With projections of massive growth, ACR’s new venture is well timed
Asia Capital Re has announced plans to launch the world’s largest retakaful company. It follows similar ventures by Munich Re, Hannover Re, SCOR and Arig among others.
Retakaful business is Shari’ah-compliant reinsurance for Shari’ah-compliant insurance companies. Until recently it was a niche business, but with projections of huge growth for the sector it is fast becoming mainstream.
Asia Capital Re has announced an agreement with Malaysian national investment company Khazanah Nasional Bhd and Dubai Banking Group to set up a retakaful company.
According to the company, the new venture will be the largest retakaful company in the world with a capitalisation of $300m.
Named ACR ReTakaful Holdings Limited, it will be based in the Dubai International Financial Centre.
“There is nothing in Islam that actually inhibits insurance
Takaful reinsurance is quickly becoming big business. A recent report by Ernst & Young suggests that growth in the takaful sector has outpaced that of conventional insurance sectors in most countries of the Middle East.
E&Y says the takaful industry could be worth $10bn to $15bn in the next ten years if current growth rates continue. It also forecasts that accepted contributions globally could be more than $4.3bn in 2010, with 20% annual growth for the foreseeable future.

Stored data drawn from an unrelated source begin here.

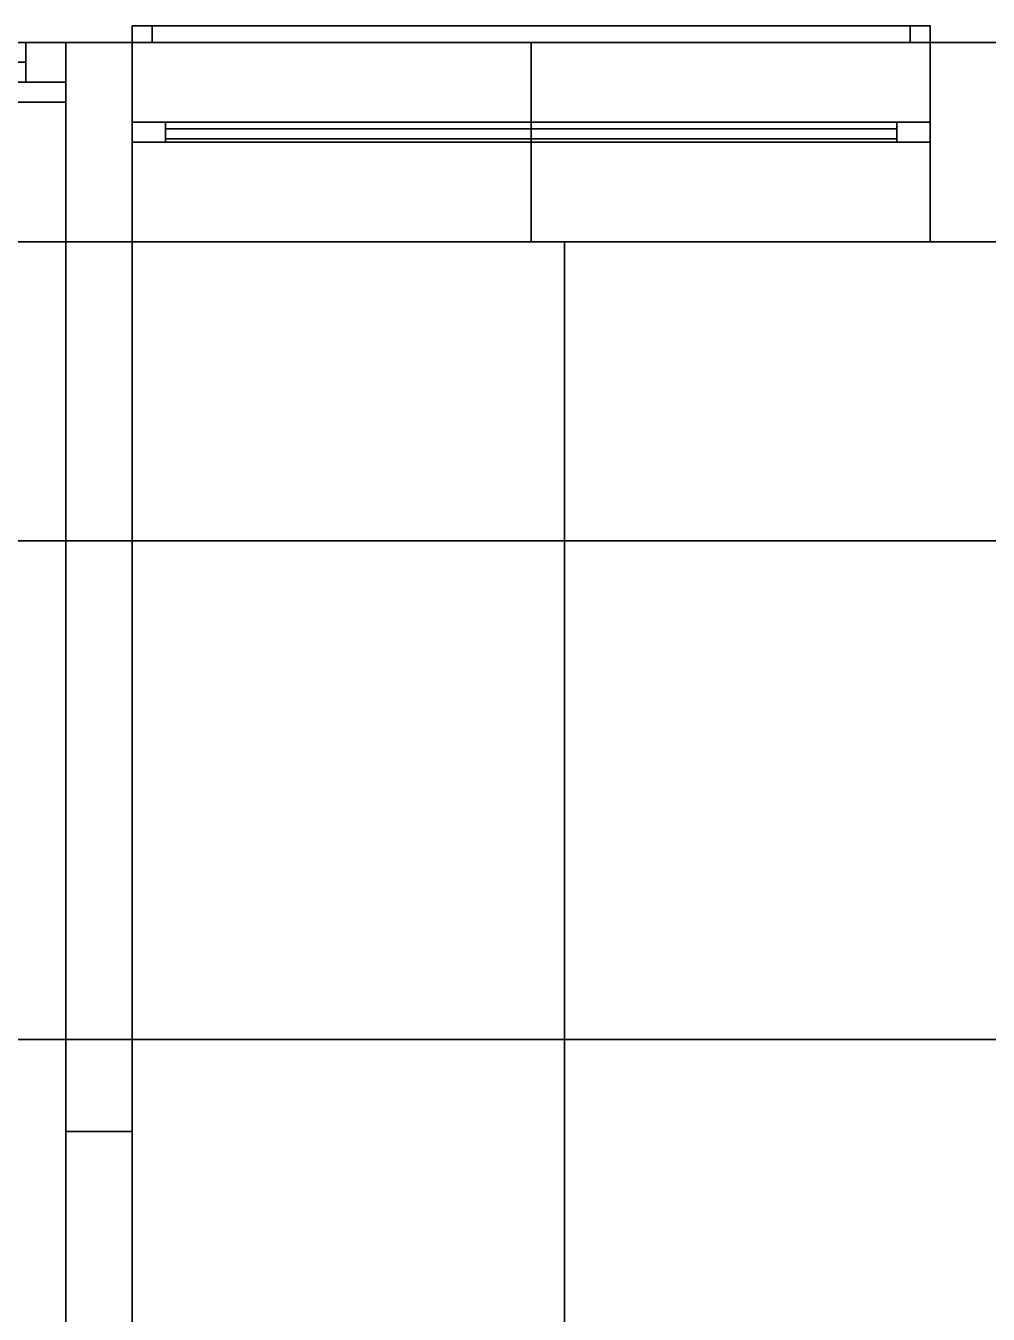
# Model space of a CAD drawing. Header units: millimetres. Extents: x -11 to 11, y -5.8 to 5.8.
# Drawn here: x -1.56 to -0.112, y 3.824 to 5.762 of the extents above; entities that cross this region are included whole.
import ezdxf

# ---------------------------------------------------------------- set-up
doc = ezdxf.new("R2010")
doc.units = ezdxf.units.MM
for name, color, linetype in [('copertura', 8, 'Continuous'), ('cromato', 251, 'Continuous'), ('frangivento', 7, 'Continuous'), ('parete', 254, 'Continuous'), ('parete_bianca', 7, 'Continuous'), ('pavimento_salone', 7, 'Continuous'), ('rolf', 254, 'Continuous'), ('solaio', 7, 'Continuous'), ('tramezzo', 7, 'Continuous'), ('vetro', 249, 'Continuous')]:
    doc.layers.add(name, color=color, linetype=linetype)

msp = doc.modelspace()

# ---------------------------------------------------------------- linework, layer by layer
at = {"layer": 'copertura'}
for points in [[(-3.3, 5.7375, 6.3), (-3.3, 4.2375, 6.3), (11, 4.2375, 6.3), (11, 5.7375, 6.3)], [(-3.3, 5.7375, 5.8), (3.7, 5.7375, 5.8), (3.85, 5.7375, 6.3), (-3.3, 5.7375, 6.3)], [(-11, 4.2375, 6.3), (-11, -0.0125, 6.3), (0, -0.0125, 6.3), (0, 4.2375, 6.3)]]:
    msp.add_3dface(points, dxfattribs=at)
at = {"layer": 'cromato'}
for points in [[(-1.56, 5.7375, 1.2), (-1.56, 5.7075, 1.2), (-2.94, 5.7075, 1.2), (-2.94, 5.7375, 1.2)], [(-2.94, 5.7375, 1.225), (-2.94, 5.7075, 1.225), (-1.56, 5.7075, 1.225), (-1.56, 5.7375, 1.225)], [(-1.56, 5.7375, 1.225), (-2.94, 5.7375, 1.225), (-2.94, 5.7375, 1.2), (-1.56, 5.7375, 1.2)], [(-1.5, 5.6775), (-1.5, 5.7375), (-1.56, 5.7375), (-1.56, 5.6775)], [(-1.56, 5.6775, 5.8), (-1.56, 5.7375, 5.8), (-1.5, 5.7375, 5.8), (-1.5, 5.6775, 5.8)], [(-1.56, 5.6775), (-1.56, 5.7375), (-1.56, 5.7375, 5.8), (-1.56, 5.6775, 5.8)], [(-1.56, 5.7375), (-1.5, 5.7375), (-1.5, 5.7375, 5.8), (-1.56, 5.7375, 5.8)], [(-1.56, 5.7075, 1.2), (-1.56, 5.7375, 1.2), (-1.56, 5.7375, 1.225), (-1.56, 5.7075, 1.225)], [(-1.5, 5.6775), (-1.5, 5.7375), (-1.56, 5.7375), (-1.56, 5.6775)], [(-1.5, 5.7375), (-1.5, 5.6775), (-1.5, 5.6775, 5.8), (-1.5, 5.7375, 5.8)], [(-2.94, 5.7075, 1.2), (-1.56, 5.7075, 1.2), (-1.56, 5.7075, 1.225), (-2.94, 5.7075, 1.225)], [(-1.5, 5.6775, 5.8), (-1.56, 5.6775, 5.8), (-1.56, 5.6775), (-1.5, 5.6775)], [(-1.35, 5.6175, 2.65), (-1.35, 5.6175, 2.1), (-1.4, 5.6175, 2.1), (-1.4, 5.6175, 2.7)], [(-1.4, 5.6175, 2.7), (-1.4, 5.6175, 2.1), (-1.4, 5.5875, 2.1), (-1.4, 5.5875, 2.7)], [(-1.35, 5.6175, 2.1), (-1.35, 5.6175, 1.55), (-1.4, 5.6175, 1.5), (-1.4, 5.6175, 2.1)], [(-1.4, 5.6175, 2.1), (-1.4, 5.6175, 1.5), (-1.4, 5.5875, 1.5), (-1.4, 5.5875, 2.1)], [(-1.35, 5.5875, 2.1), (-1.4, 5.5875, 2.1), (-1.4, 5.6175, 2.1), (-1.35, 5.6175, 2.1)], [(-0.8, 5.6175, 2.7), (-1.4, 5.6175, 2.7), (-1.35, 5.6175, 2.65), (-0.8, 5.6175, 2.65)], [(-1.35, 5.6175, 2.65), (-1.4, 5.6175, 2.7), (-1.4, 5.5875, 2.7), (-1.35, 5.5875, 2.65)], [(-1.4, 5.6175, 2.7), (-0.8, 5.6175, 2.7), (-0.8, 5.5875, 2.7), (-1.4, 5.5875, 2.7)], [(-0.8, 5.6175, 1.55), (-1.35, 5.6175, 1.55), (-1.4, 5.6175, 1.5), (-0.8, 5.6175, 1.5)], [(-0.8, 5.6175, 1.5), (-1.4, 5.6175, 1.5), (-1.4, 5.5875, 1.5), (-0.8, 5.5875, 1.5)], [(-1.4, 5.6175, 1.5), (-1.35, 5.6175, 1.55), (-1.35, 5.5875, 1.55), (-1.4, 5.5875, 1.5)], [(-1.35, 5.6175, 5.65), (-1.35, 5.6175, 5.1), (-1.4, 5.6175, 5.1), (-1.4, 5.6175, 5.7)], [(-1.4, 5.6175, 5.7), (-1.4, 5.6175, 5.1), (-1.4, 5.5875, 5.1), (-1.4, 5.5875, 5.7)], [(-1.35, 5.6175, 5.1), (-1.35, 5.6175, 4.55), (-1.4, 5.6175, 4.5), (-1.4, 5.6175, 5.1)], [(-1.4, 5.6175, 5.1), (-1.4, 5.6175, 4.5), (-1.4, 5.5875, 4.5), (-1.4, 5.5875, 5.1)], [(-1.35, 5.5875, 5.1), (-1.4, 5.5875, 5.1), (-1.4, 5.6175, 5.1), (-1.35, 5.6175, 5.1)], [(-0.8, 5.6175, 5.7), (-1.4, 5.6175, 5.7), (-1.35, 5.6175, 5.65), (-0.8, 5.6175, 5.65)], [(-1.35, 5.6175, 5.65), (-1.4, 5.6175, 5.7), (-1.4, 5.5875, 5.7), (-1.35, 5.5875, 5.65)], [(-1.4, 5.6175, 5.7), (-0.8, 5.6175, 5.7), (-0.8, 5.5875, 5.7), (-1.4, 5.5875, 5.7)], [(-0.8, 5.6175, 4.55), (-1.35, 5.6175, 4.55), (-1.4, 5.6175, 4.5), (-0.8, 5.6175, 4.5)], [(-0.8, 5.6175, 4.5), (-1.4, 5.6175, 4.5), (-1.4, 5.5875, 4.5), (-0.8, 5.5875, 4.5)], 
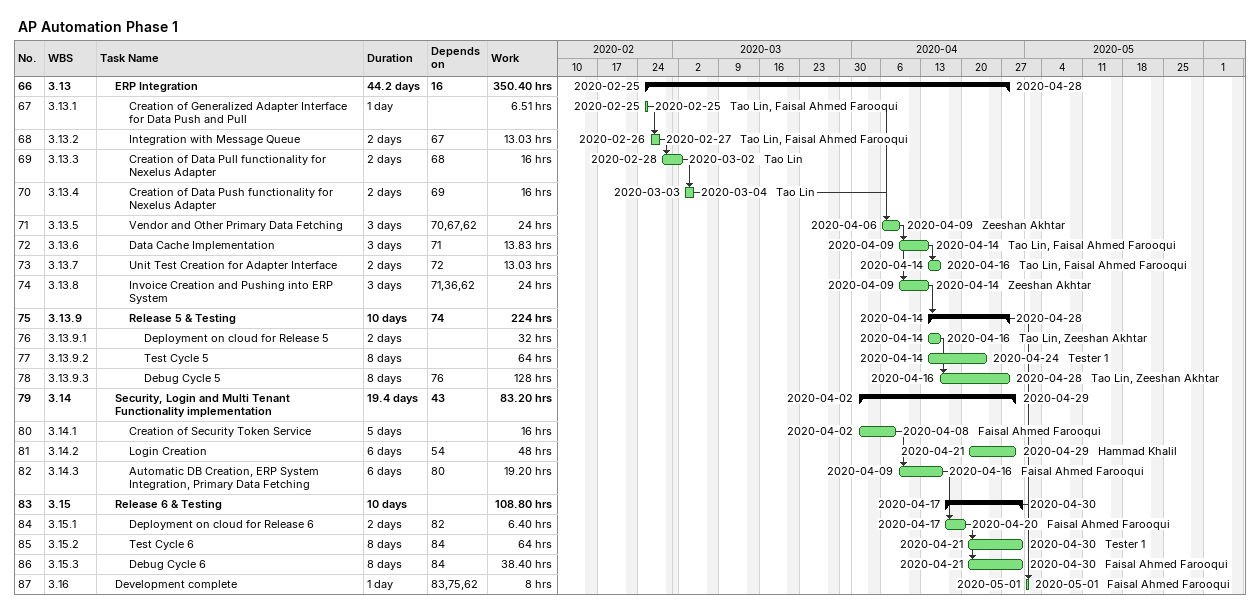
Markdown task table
AP Automation Phase 1

| ID | WBS | Task | Duration | Start | Finish | Predecessors | Resources | Work (h) |
|---|---|---|---|---|---|---|---|---|
| 66 | 3.13 | **ERP Integration** | 44.2d | 2020-02-25 | 2020-04-28 | 16 |  | 350.40 |
| 67 | 3.13.1 | Creation of Generalized Adapter Interface for Data Push and Pull | 1d | 2020-02-25 | 2020-02-25 |  | Tao Lin, Faisal Ahmed Farooqui | 6.51 |
| 68 | 3.13.2 | Integration with Message Queue | 2d | 2020-02-26 | 2020-02-27 | 67 | Tao Lin, Faisal Ahmed Farooqui | 13.03 |
| 69 | 3.13.3 | Creation of Data Pull functionality for Nexelus Adapter | 2d | 2020-02-28 | 2020-03-02 | 68 | Tao Lin | 16 |
| 70 | 3.13.4 | Creation of Data Push functionality for Nexelus Adapter | 2d | 2020-03-03 | 2020-03-04 | 69 | Tao Lin | 16 |
| 71 | 3.13.5 | Vendor and Other Primary Data Fetching | 3d | 2020-04-06 | 2020-04-09 | 70, 67, 62 | Zeeshan Akhtar | 24 |
| 72 | 3.13.6 | Data Cache Implementation | 3d | 2020-04-09 | 2020-04-14 | 71 | Tao Lin, Faisal Ahmed Farooqui | 13.83 |
| 73 | 3.13.7 | Unit Test Creation for Adapter Interface | 2d | 2020-04-14 | 2020-04-16 | 72 | Tao Lin, Faisal Ahmed Farooqui | 13.03 |
| 74 | 3.13.8 | Invoice Creation and Pushing into ERP System | 3d | 2020-04-09 | 2020-04-14 | 71, 36, 62 | Zeeshan Akhtar | 24 |
| 75 | 3.13.9 | **Release 5 & Testing** | 10d | 2020-04-14 | 2020-04-28 | 74 |  | 224 |
| 76 | 3.13.9.1 | Deployment on cloud for Release 5 | 2d | 2020-04-14 | 2020-04-16 |  | Tao Lin, Zeeshan Akhtar | 32 |
| 77 | 3.13.9.2 | Test Cycle 5 | 8d | 2020-04-14 | 2020-04-24 |  | Tester 1 | 64 |
| 78 | 3.13.9.3 | Debug Cycle 5 | 8d | 2020-04-16 | 2020-04-28 | 76 | Tao Lin, Zeeshan Akhtar | 128 |
| 79 | 3.14 | **Security, Login and Multi Tenant Functionality implementation** | 19.4d | 2020-04-02 | 2020-04-29 | 43 |  | 83.20 |
| 80 | 3.14.1 | Creation of Security Token Service | 5d | 2020-04-02 | 2020-04-08 |  | Faisal Ahmed Farooqui | 16 |
| 81 | 3.14.2 | Login Creation | 6d | 2020-04-21 | 2020-04-29 | 54 | Hammad Khalil | 48 |
| 82 | 3.14.3 | Automatic DB Creation, ERP System Integration, Primary Data Fetching | 6d | 2020-04-09 | 2020-04-16 | 80 | Faisal Ahmed Farooqui | 19.20 |
| 83 | 3.15 | **Release 6 & Testing** | 10d | 2020-04-17 | 2020-04-30 |  |  | 108.80 |
| 84 | 3.15.1 | Deployment on cloud for Release 6 | 2d | 2020-04-17 | 2020-04-20 | 82 | Faisal Ahmed Farooqui | 6.40 |
| 85 | 3.15.2 | Test Cycle 6 | 8d | 2020-04-21 | 2020-04-30 | 84 | Tester 1 | 64 |
| 86 | 3.15.3 | Debug Cycle 6 | 8d | 2020-04-21 | 2020-04-30 | 84 | Faisal Ahmed Farooqui | 38.40 |
| 87 | 3.16 | Development complete | 1d | 2020-05-01 | 2020-05-01 | 83, 75, 62 | Faisal Ahmed Farooqui | 8 |
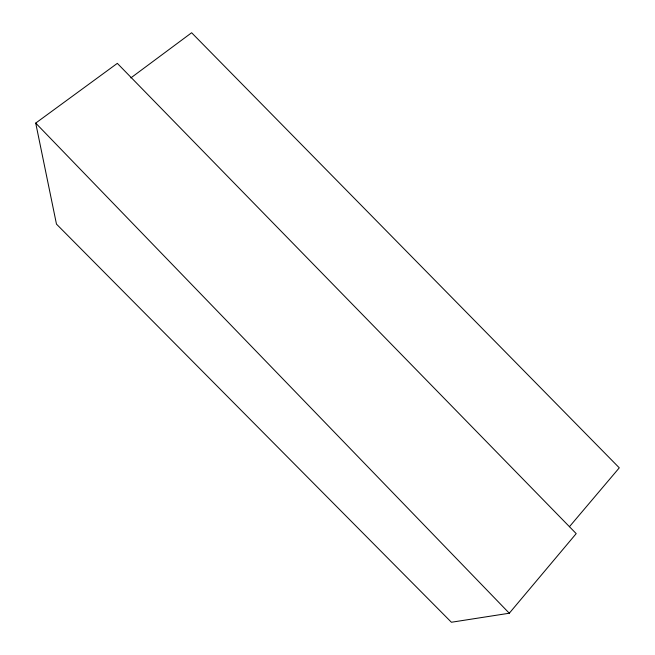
<?xml version="1.0" encoding="UTF-8"?>
<svg xmlns="http://www.w3.org/2000/svg" width="655" height="655" viewBox="0 0 655 655"><rect width="100%" height="100%" fill="white"/><g stroke="black" fill="none" stroke-linecap="round" stroke-linejoin="round"><path stroke-width="0.98" d="M509.295 613.227L576.203 533.62L117.327 63.355L35.714 123.091L56.477 224.125L451.401 622.25L509.295 613.227L35.714 123.091M569.432 526.71L619.286 467.826L191.628 32.75L130.844 77.912"/></g></svg>

It identified high economic growth in the Middle East and other Muslim nations, such as Malaysia and Indonesia, and increase in per capital GDP, a youthful demography, increasing awareness and desire for Shari’ah compliant offerings and increasing asset based, Shari’ah compliant financing.
Of the 133 Takaful operators worldwide, 59 are within the Gulf Cooperation Council (GCC) countries of Bahrain, Kuwait, Oman, Qatar, Saudi Arabia and the United Arab Emirates.
At the World Insurance Forum in Dubai in March, Ajmal Bhatty, CEO Takaful & chief operating officer of Tokio Marine Middle East, said the perception of insurance in the GCC would change as its economies developed.
“All the evidence suggests that the insurance sector is set for a golden era over the next decade
Yousef Hussain Kamal
“The mindset is that insurance is unacceptable in the region, but there is nothing in Islam that actually inhibits insurance,” he explained.
Speaking at MultaQa Qatar, a conference in Doha to showcase the insurance potential of the region, Qatar’s minister of finance, Yousef Hussain Kamal, said the region was brimming with potential.
“There can be no doubt that this is just the beginning,” he said. “All the evidence suggests that the insurance sector is set for a golden era over the next decade.”
By 2010, it is estimated that the population in the Middle East and North Africa region will reach 330,000,000. Insurance growth rates in 2005 in the GCC ranged from a relatively low 5% in Bahrain, to 17% in Qatar, and well over 30% per year in the UAE, according to S&P.
Asia Capital Re has joined the new breed of retakaful companies at the right time if those figures are accurate.